Reid Jenkins is a New York City based violinist and songwriter. Having an extensive background in classical and jazz traditions, his eclectic violin playing incorporates elements of bluegrass, American old time, rock, and pop. As a solo artist, he has released an EP “A Beautiful Start” (2021) and an LP “Hall of Gems” (2023), both forays into a blend of confessional bedroom folk-pop songwriting adorned with lush acoustic-electric orchestrations.

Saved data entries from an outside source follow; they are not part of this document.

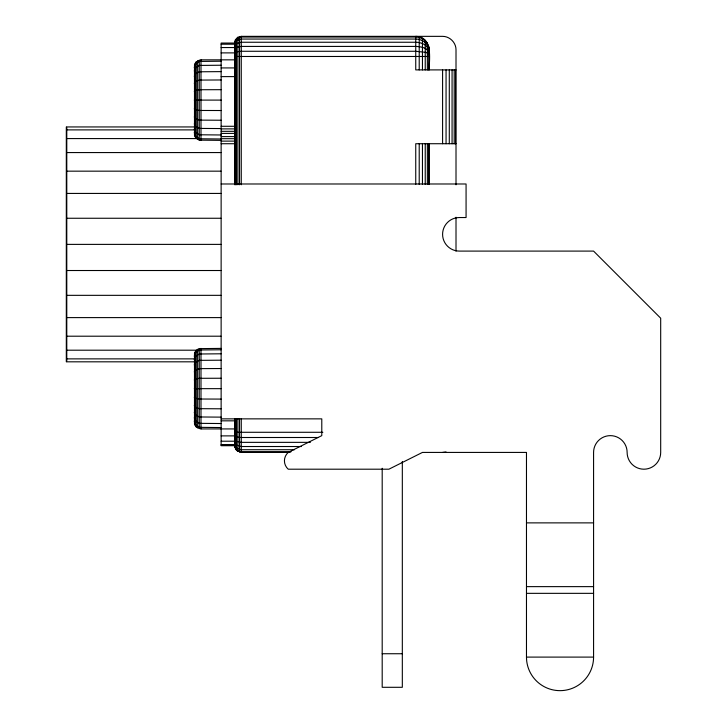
<?xml version="1.0" encoding="UTF-8"?>
<svg xmlns="http://www.w3.org/2000/svg" width="727" height="727" viewBox="0 0 727 727"><rect width="100%" height="100%" fill="white"/><g stroke="black" fill="none" stroke-linecap="round" stroke-linejoin="round"><path stroke-width="1.09" d="M234.548 59.841L200.997 59.841L196.254 61.804L194.518 64.812L194.518 135.395L196.254 138.403L199.262 140.138L221.135 140.366M234.548 184.204L234.548 43.057L235.448 39.703L237.911 37.25L241.264 36.35L442.589 36.35C449.768 36.305 456.056 42.584 456.011 49.772L456.011 184.812M221.135 348.397L199.262 348.633L196.254 350.369L194.518 353.377L194.518 423.959L196.254 426.967L200.997 428.93L234.548 428.93M194.291 67.693L195.19 64.449L199.262 61.431L221.135 61.213M234.548 43.52L236.52 38.931L241.264 37.032L415.744 37.032C422.75 36.968 429.184 42.893 429.166 49.999M194.291 356.257L195.19 353.013L199.262 349.996L221.135 349.769M194.291 71.046L195.19 68.138L199.262 65.43L221.135 65.23M234.548 44.856L236.52 40.748L241.264 39.049L415.744 39.049C422.242 38.958 429.057 43.784 429.166 50.672M194.291 359.611L195.19 356.703L199.262 353.994L221.135 353.795M194.291 76.38L195.19 74L199.262 71.791L221.135 71.628M234.548 46.991L236.52 43.638L241.264 42.248L415.744 42.248C421.46 42.23 428.712 45.256 429.166 51.735M194.291 364.936L195.19 362.564L199.262 360.356L221.135 360.192M194.291 83.323L195.19 81.651L199.262 80.088L221.135 79.97M234.548 49.772L236.52 47.4L241.264 46.419L415.744 46.419C420.588 46.664 427.867 47.455 429.166 53.126M194.291 371.888L195.19 370.207L199.262 368.644L221.135 368.534M194.291 91.42L195.19 90.548L199.262 89.739L221.135 89.685M234.548 53.007L236.52 51.781L241.264 51.272L415.744 51.272L425.231 52.289L427.367 53.007L429.166 54.743M194.291 379.985L195.19 379.112L199.262 378.304L221.135 378.24M442.589 452.421L446.06 451.958M234.548 43.057L221.135 43.057L221.135 445.706L234.548 445.706L236.52 450.449L241.264 452.421L289.982 452.421M221.135 44.202L234.548 44.202M221.135 47.555L234.548 47.555M221.135 52.889L234.548 52.889M234.548 56.479L429.166 56.479M221.135 67.929L234.548 67.929M456.011 69.901L415.744 69.901L415.744 36.35C433.21 36.932 429.239 58.542 429.166 69.901M221.135 76.617L234.548 76.617M194.291 100.099L221.135 100.099M221.135 110.522L199.262 110.468L195.19 109.659L194.291 108.786M221.135 120.237L199.262 120.119L195.19 118.556L194.291 116.883M221.135 126.289L234.548 126.289M194.881 126.943L66.784 126.943L66.784 361.819L194.881 361.819M221.135 128.57L199.262 128.415L195.19 126.198L194.291 123.826M221.135 128.888L234.548 128.888M66.784 129.888L194.881 129.888M221.135 131.323L234.548 131.323M221.135 133.405L234.548 133.405M221.135 134.977L199.262 134.777L195.19 132.069L194.291 129.161M221.135 136.603L234.548 136.603M66.784 138.575L197.144 138.575M221.135 138.693L234.548 138.693M221.135 138.993L199.262 138.775L195.19 135.758L194.291 132.514M221.135 141.12L234.548 141.12M221.135 143.719L234.548 143.719M456.011 143.719L415.744 143.719L415.744 184.44M66.784 152.57L220.953 152.57M66.784 171.163L220.953 171.163M221.135 183.986L466.071 183.986L466.071 217.537L459.364 217.537A16.776 16.776 0 0 0 442.589 234.321A16.776 16.776 0 0 0 459.364 251.097L593.577 251.097L660.689 318.199L660.689 452.421A16.776 16.776 0 0 1 643.913 469.197A16.776 16.776 0 0 1 627.128 452.421A16.776 16.776 0 0 0 610.353 435.637A16.776 16.776 0 0 0 593.577 452.421L593.577 657.099A33.551 33.551 0 0 1 560.026 690.65A33.551 33.551 0 0 1 526.475 657.099L526.475 452.421L422.451 452.421L388.9 469.197L288.237 469.197A11.132 11.132 0 0 1 288.237 452.421L321.788 435.637L321.788 418.861L221.135 418.861M66.784 193.427L220.953 193.427M66.784 218.254L220.953 218.254M66.784 244.381L220.953 244.381M66.784 270.517L220.953 270.517M66.784 295.335L220.953 295.335M66.784 317.608L220.953 317.608M66.784 336.201L220.953 336.201M66.784 350.196L197.144 350.196M66.784 358.874L194.881 358.874M194.291 388.663L221.135 388.663M221.135 399.087L199.262 399.023L195.19 398.214L194.291 397.351M221.135 408.801L199.262 408.683L195.19 407.12L194.291 405.439M221.135 417.134L199.262 416.971L195.19 414.763L194.291 412.391M221.135 420.833L234.548 420.833M221.135 423.532L199.262 423.341L195.19 420.633L194.291 417.725M221.135 427.558L199.262 427.34L195.19 424.314L194.291 421.078M234.548 432.283L322.843 432.283M221.135 435.882L234.548 435.882M318.308 437.5L241.264 437.5L236.52 436.991L234.548 435.755M221.135 441.207L234.548 441.207M310.374 442.352L241.264 442.352L236.52 441.371L234.548 438.999M221.135 444.56L234.548 444.56M221.135 445.36L234.548 445.36M301.314 446.523L241.264 446.523L236.52 445.133L234.548 441.78M294.517 449.722L241.264 449.722L236.52 448.014L234.548 443.906M291.118 451.731L241.264 451.731L236.52 449.831L234.548 445.251M526.475 522.877L593.577 522.877M526.475 586.634L593.577 586.634M526.475 593.341L593.577 593.341M382.193 653.737L402.322 653.737M526.475 657.099L593.577 657.099M456.011 217.237L456.011 251.169M455.547 69.901L455.547 143.719M454.211 69.901L454.211 143.719M452.076 69.901L452.076 143.719M449.295 69.901L449.295 143.719M446.06 69.901L446.06 143.719M442.589 69.901L442.589 143.719M429.166 143.719L429.166 184.44M428.712 46.301L428.712 69.901M428.712 143.719L428.712 184.44M427.367 43.057L427.367 69.901M427.367 143.719L427.367 184.44M425.231 40.285L425.231 69.901M425.231 143.719L425.231 184.44M422.451 38.149L422.451 69.901M422.451 143.719L422.451 184.44M419.215 36.804L419.215 69.901M419.215 143.719L419.215 184.44M402.322 461.463L402.322 687.297L382.193 687.297L382.193 468.252M241.264 36.35L241.264 184.776M241.264 418.661L241.264 452.421M239.528 36.577L239.528 184.776M239.528 418.661L239.528 452.185M237.911 37.25L237.911 184.776M237.911 418.661L237.911 451.522M236.52 38.313L236.52 184.776M236.52 418.661L236.52 450.449M235.448 39.703L235.448 184.776M235.448 418.661L235.448 449.059M234.785 41.321L234.785 184.776M234.785 418.661L234.785 447.441M234.548 418.67L234.548 445.706M200.997 59.841L200.997 140.366M200.997 348.397L200.997 428.93M199.262 60.068L199.262 140.138M199.262 348.633L199.262 428.703M197.644 60.741L197.644 139.466M197.644 349.296L197.644 428.03M196.254 61.804L196.254 138.403M196.254 350.369L196.254 426.967M195.19 63.194L195.19 137.012M195.19 351.759L195.19 425.577M194.518 64.812L194.518 135.395M194.518 353.377L194.518 423.959M66.311 126.943L66.311 361.819"/></g></svg>
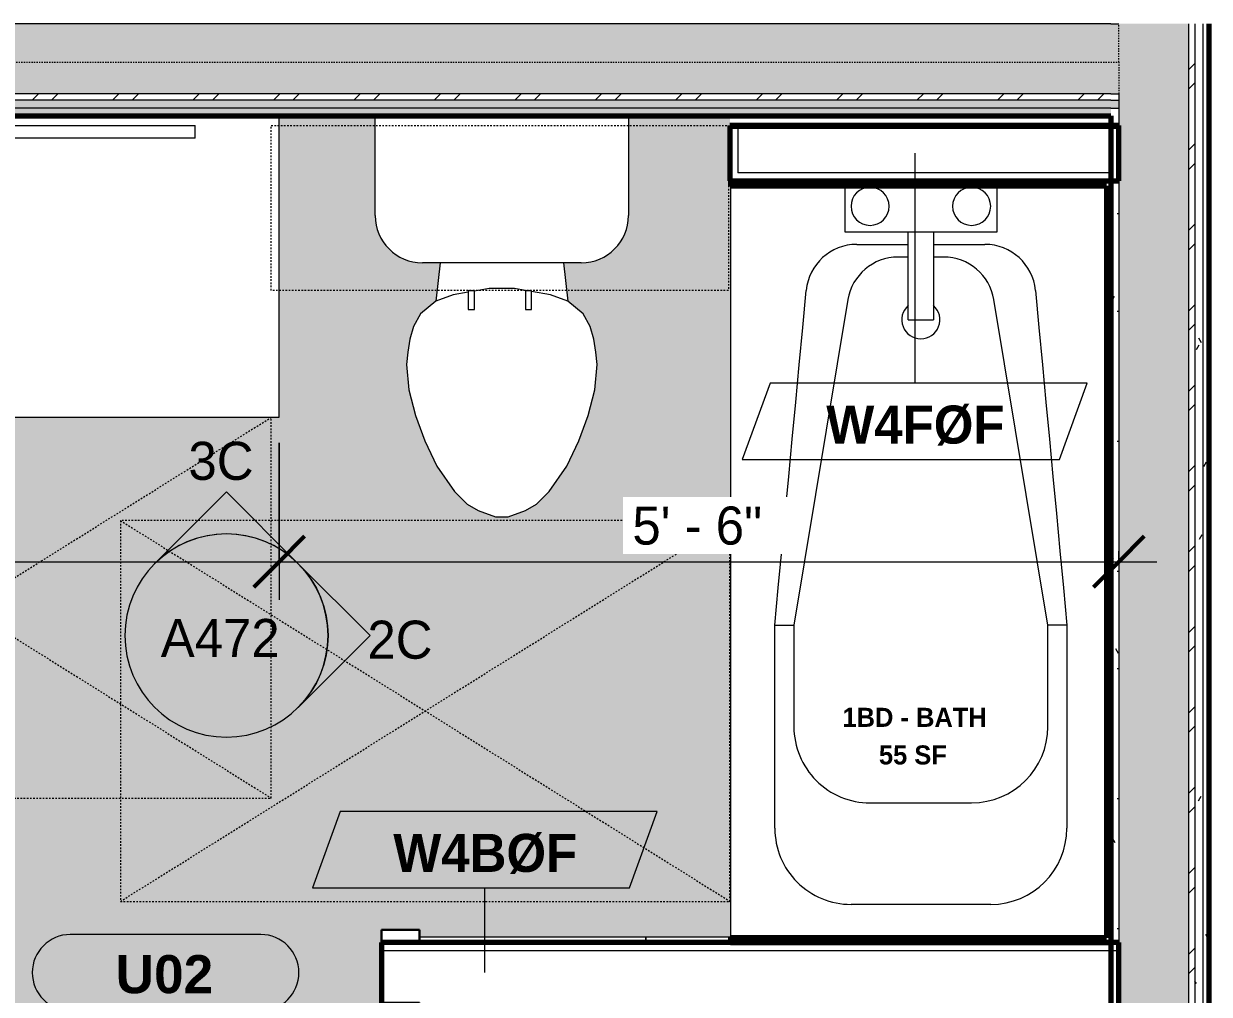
# Model space of a CAD drawing. Header units: inches. Extents: x 3011 to 5543, y -20 to 12119.
# Drawn here: x 4752.3 to 4845.7, y 10764.7 to 10841.2 of the extents above; entities that cross this region are included whole.
import ezdxf

# ---------------------------------------------------------------- set-up
doc = ezdxf.new("R2010")
doc.units = ezdxf.units.IN
doc.header["$MEASUREMENT"] = 0
doc.linetypes.add('Dash', pattern=[0.25, 0.125, -0.125])
doc.linetypes.add('Dash 3_32_', pattern=[0.1875, 0.09375, -0.09375])
for name, color, linetype, lineweight in [('0-6', 130, 'Continuous', 5), ('A-ANNO-DIMS', 211, 'Continuous', 9), ('A-ANNO-DIMS-32', 211, 'Continuous', 9), ('A-AREA-IDEN', 2, 'Continuous', 9), ('A-DETL-1', 90, 'Dash 3_32_', 18), ('A-DOOR', 31, 'Continuous', 18), ('A-DOOR-3', 31, 'Continuous', 9), ('A-DOOR-4', 31, 'Continuous', 30), ('A-DOOR-FRAM-3', 31, 'Continuous', 30), ('A-DOOR-IDEN', 31, 'Continuous', 9), ('A-GENM', 5, 'Continuous', 9), ('A-GENM-HDLN', 13, 'Dash', 9), ('A-WALL', 113, 'Continuous', 18), ('A-WALL-1', 113, 'Continuous', 70), ('A-WALL-3', 250, 'Continuous', 18), ('A-WALL-IDEN', 211, 'Continuous', 9), ('A-WALL-PATT-1', 50, 'Continuous', 9), ('A-WALL-PATT-2', 8, 'Continuous', 9), ('A-WALL-PATT-3', 253, 'Continuous', 9), ('G-ANNO-SYMB', 111, 'Continuous', 9), ('I-WALL', 2, 'Continuous', 18), ('I-WALL-1', 7, 'Continuous', 70), ('I-WALL-3', 2, 'Continuous', 70), ('P-SANR-FIXT', 6, 'Continuous', 9), ('Q-CASE', 31, 'Continuous', 9), ('Q-CASE-3', 31, 'Dash', 9)]:
    doc.layers.add(name, color=color, linetype=linetype, lineweight=lineweight)
doc.layers.add('A-AREA-PATT-1', color=255, linetype='Continuous', lineweight=9, transparency=1)
doc.styles.add('Arial_B', font='arialbd.ttf', dxfattribs={"height": 3})
doc.styles.add('Century Gothic', font='ufonts.com_century-gothic.ttf', dxfattribs={"height": 3})
doc.styles.add('Century Gothic_B', font='GOTHICB.TTF', dxfattribs={"height": 3})
doc.styles.add('Century Gothic_B_1', font='GOTHICB.TTF', dxfattribs={"height": 1.5})
doc.dimstyles.new('OD_1__HACK', dxfattribs={"dimscale": 12, "dimtxt": 3.132505, "dimasz": 0.333333, "dimexe": 0.25, "dimexo": 0.166667, "dimgap": 0.041667, "dimtad": 1, "dimdec": 0, "dimzin": 3, "dimdsep": 46, "dimlunit": 4, "dimtxsty": 'Century Gothic', "dimblk1": 'OBLIQUE', "dimblk2": 'OBLIQUE', "dimsah": 1, "dimcen": 0.09, "dimdle": 0.25, "dimazin": 0, "dimtfac": 1, "dimtdec": 4, "dimtix": 1, "dimtmove": 0, "dimatfit": 3, "dimfxl": 1, "dimtvp": 1, "dimtfill": 1, "dimfrac": 2, "dimtolj": 1, "dimtzin": 0, "dimarcsym": 2})
pattern_1 = [(0, (0, 0), (10.24, 2.56), [0.422, -7.258, 0.422, -7.258, -40.96]), (0, (0, 0), (10.24, 2.56), [-15.36, 0.422, -14.938, 0.422, -7.258, -17.92]), (0, (0, 0), (10.24, 2.56), [-38.4, 0.422, -4.698, 0.422, -12.378]), (120, (3.84, 1.28), (-7.33702503, 7.58810013), [0.422, -7.258, 0.422, -7.258, -40.96]), (120, (3.84, 1.28), (-7.33702503, 7.58810013), [-15.36, 0.422, -14.938, 0.422, -7.258, -17.92]), (120, (3.84, 1.28), (-7.33702503, 7.58810013), [-38.4, 0.422, -4.698, 0.422, -12.378]), (240, (5.12, 6.4), (-2.90297497, -10.14810013), [0.422, -7.258, 0.422, -7.258, -40.96]), (240, (5.12, 6.4), (-2.90297497, -10.14810013), [-15.36, 0.422, -14.938, 0.422, -7.258, -17.92]), (240, (5.12, 6.4), (-2.90297497, -10.14810013), [-38.4, 0.422, -4.698, 0.422, -12.378])]
pattern_2 = [(161.57, (0.16, 0.16), (-1.279773737, -0.000426766), [0, -9.107, 1.011, 0]), (18.43, (-0.16, 0.16), (-1.279773737, 0.000426766), [0, -9.107, 1.011, 0]), (108.43, (0.16, 0.16), (0.639452382, -3.199964008), [3.035, -7.083]), (71.57, (-0.16, 0.16), (0.639452382, 3.199964008), [3.035, -7.083])]
pattern_3 = [(45, (0, 0), (-3.1678384, 3.1678384), []), (45, (0, 4.8), (-3.1678384, 3.1678384), [])]

# ---------------------------------------------------------------- blocks, each defined once
blk = doc.blocks.new('CTR - 1st Phase - Common Walls_rvt-7-1ST FLOOR - 1BD C - ADA TYPE B')
at = {"layer": 'A-WALL-PATT-1'}
h = blk.add_hatch(dxfattribs=at)
h.set_pattern_fill('FP_1', color=256, style=0, pattern_type=2)
h.set_pattern_definition(pattern_1)
h.paths.add_polyline_path([(-3480.049, 10708.914), (-3480.049, 10841.21), (-3480.674, 10841.21), (-3480.674, 10708.914)], flags=0)
h = blk.add_hatch(dxfattribs=at)
h.set_pattern_fill('FP_1', color=256, style=0, pattern_type=2)
h.set_pattern_definition(pattern_1)
h.paths.add_polyline_path([(-3479.924, 10708.289), (-3479.549, 10708.289), (-3479.549, 10841.21), (-3480.049, 10841.21), (-3480.049, 10708.289)], flags=0)
h = blk.add_hatch(dxfattribs=at)
h.set_pattern_fill('FP_1', color=256, style=0, pattern_type=2)
h.set_pattern_definition(pattern_1)
h.paths.add_polyline_path([(-3486.674, 10834.564), (-3486.674, 10835.189), (-3822.724, 10835.189), (-3822.724, 10834.564), (-3486.723, 10834.564)], flags=0)
h = blk.add_hatch(dxfattribs=at)
h.set_pattern_fill('FP_1', color=256, style=0, pattern_type=2)
h.set_pattern_definition(pattern_1)
h.paths.add_polyline_path([(-3488.614, 10833.939), (-3487.299, 10833.939), (-3487.299, 10834.564), (-3822.724, 10834.564), (-3822.724, 10833.939), (-3501.937, 10833.939)], flags=0)
h = blk.add_hatch(dxfattribs=at)
h.set_pattern_fill('FP_1', color=256, style=0, pattern_type=2)
h.set_pattern_definition(pattern_1)
h.paths.add_polyline_path([(-3486.674, 10715.539), (-3486.674, 10760.948), (-3487.299, 10760.948), (-3487.299, 10715.539)], flags=0)
h.paths.add_polyline_path([(-3487.021, 10768.198), (-3486.674, 10768.198), (-3486.674, 10834.564), (-3487.299, 10834.564), (-3487.299, 10768.198), (-3487.264, 10768.198)], flags=0)
at = {"layer": 'A-WALL-PATT-2'}
h = blk.add_hatch(dxfattribs=at)
h.set_pattern_fill('FP_2', color=256, style=0, pattern_type=2)
h.set_pattern_definition(pattern_3)
h.paths.add_polyline_path([(-3480.689, 10709.414), (-3480.674, 10709.414), (-3480.674, 10841.21), (-3481.174, 10841.21), (-3481.174, 10709.414), (-3480.891, 10709.414)], flags=0)
h = blk.add_hatch(dxfattribs=at)
h.set_pattern_fill('FP_2', color=256, style=0, pattern_type=2)
h.set_pattern_definition(pattern_3)
h.paths.add_polyline_path([(-3486.95, 10835.189), (-3486.674, 10835.189), (-3486.674, 10835.689), (-3822.724, 10835.689), (-3822.724, 10835.189), (-3487.299, 10835.189)], flags=0)
at = {"layer": 'A-WALL-PATT-3'}
h = blk.add_hatch(dxfattribs=at)
h.set_pattern_fill('FP_3', color=256, style=0, pattern_type=2)
h.set_pattern_definition(pattern_2)
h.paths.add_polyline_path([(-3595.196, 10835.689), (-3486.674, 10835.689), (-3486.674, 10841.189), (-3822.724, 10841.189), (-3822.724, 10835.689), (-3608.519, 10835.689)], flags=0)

Valeria Perez-Pijuan (they/them) is a Puerto Rican experimental filmmaker and mixed-media animator based in New York. Their practice draws on personal memory, embodied history, and societal taboos, employing visual languages rooted in material and audiovisual deconstruction. Weaving fragmented memories and marginalized histories throughout their work, they invite communal reflection on identity, resilience, and collective experience.

Hannah Rehak is a performer and storyteller based in Brooklyn. She is the Executive Producer/Co-Founder of Witch, Please Productions — the folks behind beloved scholarly culture podcast, Material Girls. She is a teacher and performer at The Second City and the co-producer of Fuck It Film Fest, a bi-monthly show featuring DIY films. Hannah is currently in post-production for her film, A Perfect Pair. Other work can be found on her website: hannarehak.com.